New mattesses and bedding from Anatta Outreach
After we finished our trek, we visited the orphanage again. What a change! Neeru framed and hung some of the art work the children did. The old broken tables and benches in the dining room were replaced by new ones. The frames from the old tables were used to store food products that had been on the ground before.
After saying good-bye to my first group, I welcomed the second group for our trek to Basa Village in the Solo Khumbu region of south of Everest. We hiked thru the richest farmland in the world, through small villages and varied terrain with breath taking views of the Everest Range.

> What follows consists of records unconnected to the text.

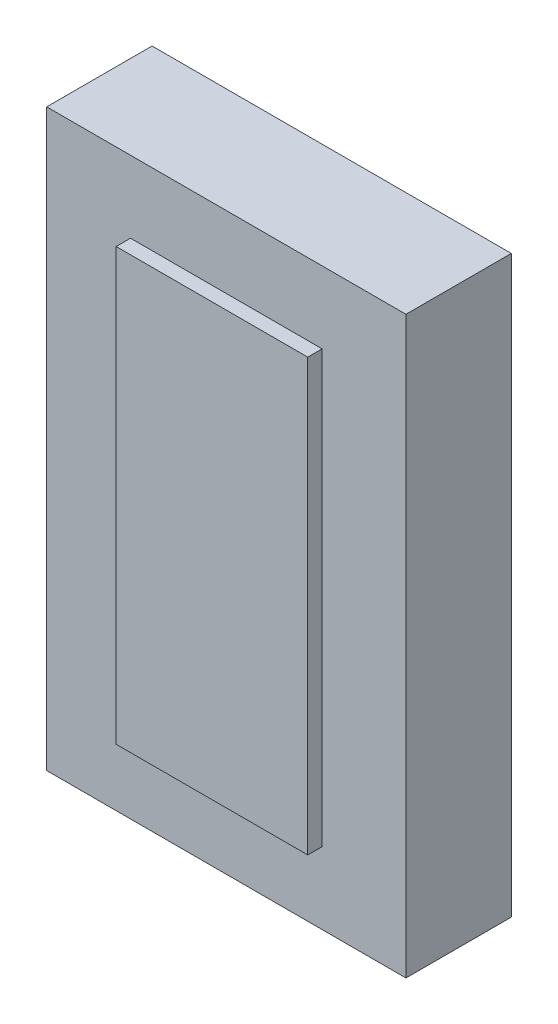
SolidWorks part; units mm, degrees
ref_plane "Front Plane" through (0, 0, 0) normal (0, 0, 1) x (1, 0, 0)
ref_plane "Top Plane" through (0, 0, 0) normal (0, 1, 0) x (1, 0, 0)
ref_plane "Right Plane" through (0, 0, 0) normal (1, 0, 0) x (0, 0, -1)
sketch "Sketch1" plane through (0, 0, 0) normal (0, 0, 1) x (1, 0, 0)
  line L0 (0, 60) -> (0, -60) construction
  line L5 (-37.5, 60) -> (37.5, 60)
  line L6 (-37.5, 60) -> (-37.5, -60)
  line L7 (-37.5, -60) -> (37.5, -60)
  line L8 (37.5, 60) -> (37.5, -60)
  line L9 (-37.5, 0) -> (37.5, 0) construction
  dimension "D3" = 75
  dimension "D4" = 120
extrude "Boss-Extrude1" add sketch "Sketch1" along normal blind 22
sketch "Sketch3" plane through (0, 0, 0) normal (0, 0, 1) x (1, 0, 0)
  line L0 (-20, 45) -> (20, 45)
  line L1 (-20, 45) -> (-20, -45)
  line L2 (-20, -45) -> (20, -45)
  line L3 (20, 45) -> (20, -45)
  line L4 (0, 45) -> (0, -45) construction
  line L5 (-20, 0) -> (20, 0) construction
  dimension "D1" = 90
  dimension "D2" = 40
extrude "Boss-Extrude2" add sketch "Sketch3" along normal blind 25
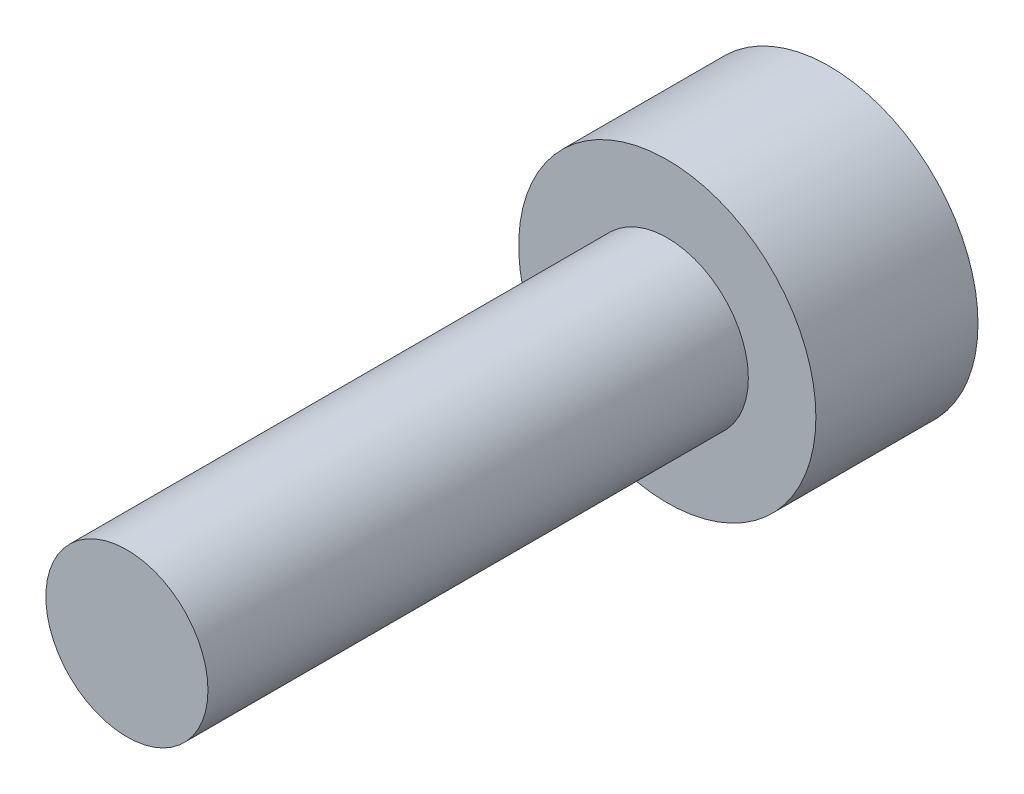
SolidWorks part; units mm, degrees
ref_plane "正面" through (0, 0, 0) normal (0, 0, 1) x (1, 0, 0)
ref_plane "平面" through (0, 0, 0) normal (0, 1, 0) x (1, 0, 0)
ref_plane "右側面" through (0, 0, 0) normal (1, 0, 0) x (0, 0, -1)
sketch "ｽｹｯﾁ1" plane through (0, 0, 0) normal (0, 0, 1) x (1, 0, 0)
  circle A0 centre (0, 0) radius 2.75
  dimension "D1" = 5.5
extrude "ﾎﾞｽ - 押し出し1" add sketch "ｽｹｯﾁ1" along normal blind 3
sketch "ｽｹｯﾁ2" plane through (0, 0, 3) normal (0, 0, 1) x (1, 0, 0)
  circle A0 centre (0, 0) radius 1.5
  dimension "D1" = 3
extrude "ﾎﾞｽ - 押し出し2" add sketch "ｽｹｯﾁ2" along normal blind 10
cosmetic thread "ねじ山1"
sketch "ｽｹｯﾁ3" plane through (0, 0, 0) normal (0, 0, -1) x (-1, 0, 0)
  line L1 (1.6636, -0.3991) -> (1.1774, 1.2412)
  line L2 (1.1774, 1.2412) -> (-0.4862, 1.6403)
  line L3 (-0.4862, 1.6403) -> (-1.6636, 0.3991)
  line L4 (-1.6636, 0.3991) -> (-1.1774, -1.2412)
  line L5 (-1.1774, -1.2412) -> (0.4862, -1.6403)
  line L6 (0.4862, -1.6403) -> (1.6636, -0.3991)
  circle A0 centre (0, 0) radius 1.4816 construction
extrude "ｶｯﾄ - 押し出し1" cut sketch "ｽｹｯﾁ3" against normal blind 2
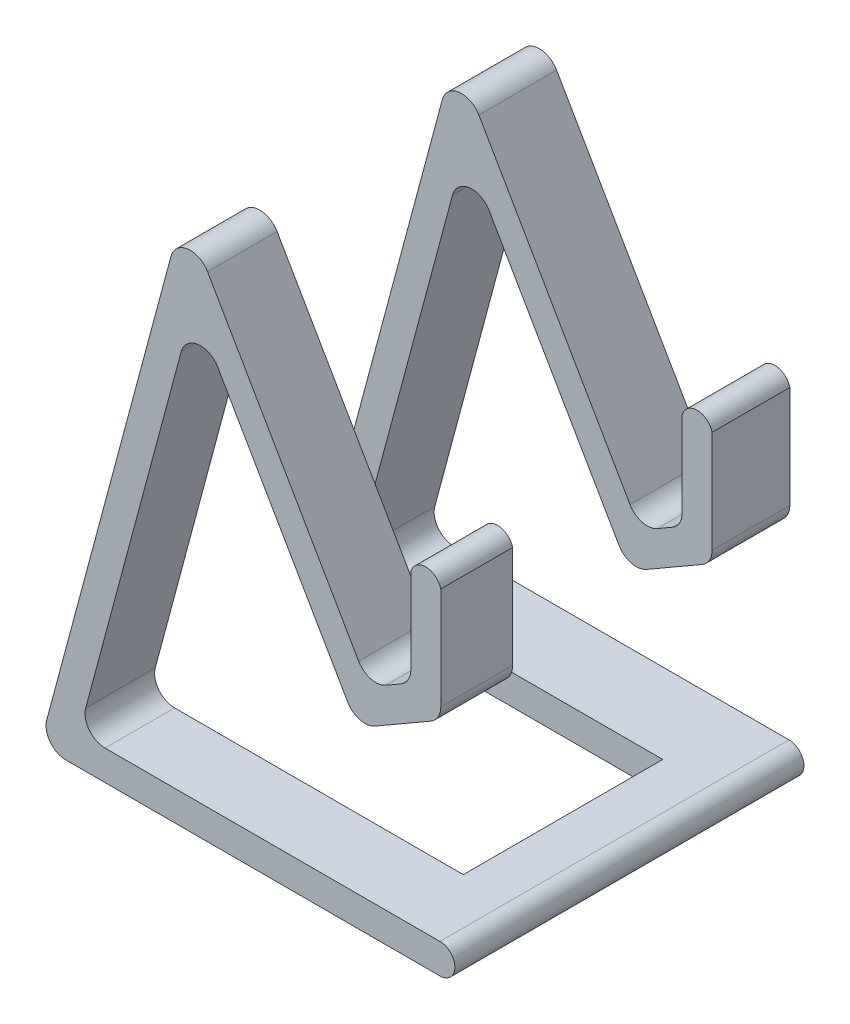
SolidWorks part; units mm, degrees
ref_plane "Front Plane" through (0, 0, 0) normal (0, 0, 1) x (1, 0, 0)
ref_plane "Top Plane" through (0, 0, 0) normal (0, 1, 0) x (1, 0, 0)
ref_plane "Right Plane" through (0, 0, 0) normal (1, 0, 0) x (0, 0, -1)
sketch "Sketch1" plane through (0, 0, 0) normal (0, 0, 1) x (1, 0, 0)
  line L5 (0, 3) -> (-67.1569, 3)
  line L6 (-71.0206, 8.0353) -> (-51.8737, 79.4925)
  line L7 (-44.5459, 80.4572) -> (-18.4956, 35.3368)
  line L8 (-13.0315, 33.8727) -> (-1.8282, 40.341)
  line L9 (0.1718, 43.8051) -> (0.1718, 64.2918)
  line L10 (0, -3) -> (-74.9762, -3)
  line L11 (-78.8399, 2.0353) -> (-53.9202, 95.0371)
  line L12 (-46.5924, 96.0018) -> (-16.2995, 43.533)
  line L13 (-10.8354, 42.0689) -> (-7.8282, 43.8051)
  line L14 (-5.8282, 47.2692) -> (-5.8282, 64.2918)
  arc A0 (0, 3) -> (0, -3) centre (0, 0) cw
  arc A1 (-5.8282, 64.2918) -> (0.1718, 64.2918) centre (-2.8282, 63.5299) cw
  arc A2 (-53.9202, 95.0371) -> (-46.5924, 96.0018) centre (-50.0565, 94.0018) cw
  arc A3 (-51.8737, 79.4925) -> (-44.5459, 80.4572) centre (-48.01, 78.4572) cw
  arc A4 (-67.1569, 3) -> (-71.0206, 8.0353) centre (-67.1569, 7) cw
  arc A5 (-74.9762, -3) -> (-78.8399, 2.0353) centre (-74.9762, 1) cw
  arc A6 (-1.8282, 40.341) -> (0.1718, 43.8051) centre (-3.8282, 43.8051) ccw
  arc A7 (-7.8282, 43.8051) -> (-5.8282, 47.2692) centre (-9.8282, 47.2692) ccw
  arc A8 (-16.2995, 43.533) -> (-10.8354, 42.0689) centre (-12.8354, 45.533) ccw
  arc A9 (-18.4956, 35.3368) -> (-13.0315, 33.8727) centre (-15.0315, 37.3368) ccw
  point P21 (0, 0)
  dimension "D1" = 4
  dimension "D2" = 4
extrude "Boss-Extrude1" add sketch "Sketch1" along normal blind 70
sketch "Sketch2" plane through (0, 0, 0) normal (1, 0, 0) x (0, 0, -1)
  line L1 (-55.5888, 12.2372) -> (-15.5888, 12.2372)
  line L2 (-55.5888, 12.2372) -> (-55.5888, 102.2372)
  line L3 (-55.5888, 102.2372) -> (-15.5888, 102.2372)
  line L4 (-15.5888, 12.2372) -> (-15.5888, 102.2372)
  line L5 (-55.5888, 12.2372) -> (-15.5888, 102.2372) construction
  line L6 (-55.5888, 102.2372) -> (-15.5888, 12.2372) construction
  point P0 (-35.5888, 57.2372)
  point P7 (0, 0)
  point P8 (0, 0)
  point P9 (0, 0)
  dimension "D1" = 40
  dimension "D2" = 90
extrude "Cut-Extrude3" cut sketch "Sketch2" against normal through all both and the other way through all
sketch "Sketch3" plane through (0, 0, 0) normal (0, 1, 0) x (1, 0, 0)
  line L1 (-83.4544, -16.0517) -> (-9.2541, -16.0517)
  line L2 (-83.4544, -16.0517) -> (-83.4544, -56.0517)
  line L3 (-83.4544, -56.0517) -> (-9.2541, -56.0517)
  line L4 (-9.2541, -16.0517) -> (-9.2541, -56.0517)
  line L5 (-83.4544, -16.0517) -> (-9.2541, -56.0517) construction
  line L6 (-83.4544, -56.0517) -> (-9.2541, -16.0517) construction
  point P0 (-46.3543, -36.0517)
  dimension "D1" = 40
extrude "Cut-Extrude4" cut sketch "Sketch3" against normal through all both and the other way through all

If you are interested in learning more about this trek, one of the trekkers, Barry Suskind took photos, tracked our trip on google earth and wrote a diary. Here is Barry’s note:
“After much delays and me being side tracked by so many other things going on, I’ve finally gotten the Shutterfly site completed. There I’ve chronicled our trip, uploaded many of our photos, provided a link to my You Tube Channel where I’ve uploaded the videos I took from the trip and even uploaded the Google Earth data, both in image format and the actual data. If you go to the “Google Earth Tracking Data” and click on a file you can open it directly in Google Earth, even on an iPad or Android. ”
Just go to: http://basavillagetrek.shutterfly.com
The site password is basa
In between the two trips and on our last day, I met with three private non-profit groups working with human trafficking victims. In a small cafe near Boudanath, two of my trekkers and I met with Anuradha Achara, Ms. Charimaya Tamang and Sabina Darshandhari, the founder, with Shakti Samuha. www.shakisamuha.org.np. Sabina told me they had received an award from Hillary Clinton for being known as the first human trafficking program in Nepal. They invited me to give a workshop to their staff in November 2014. I accepted enthusiastically.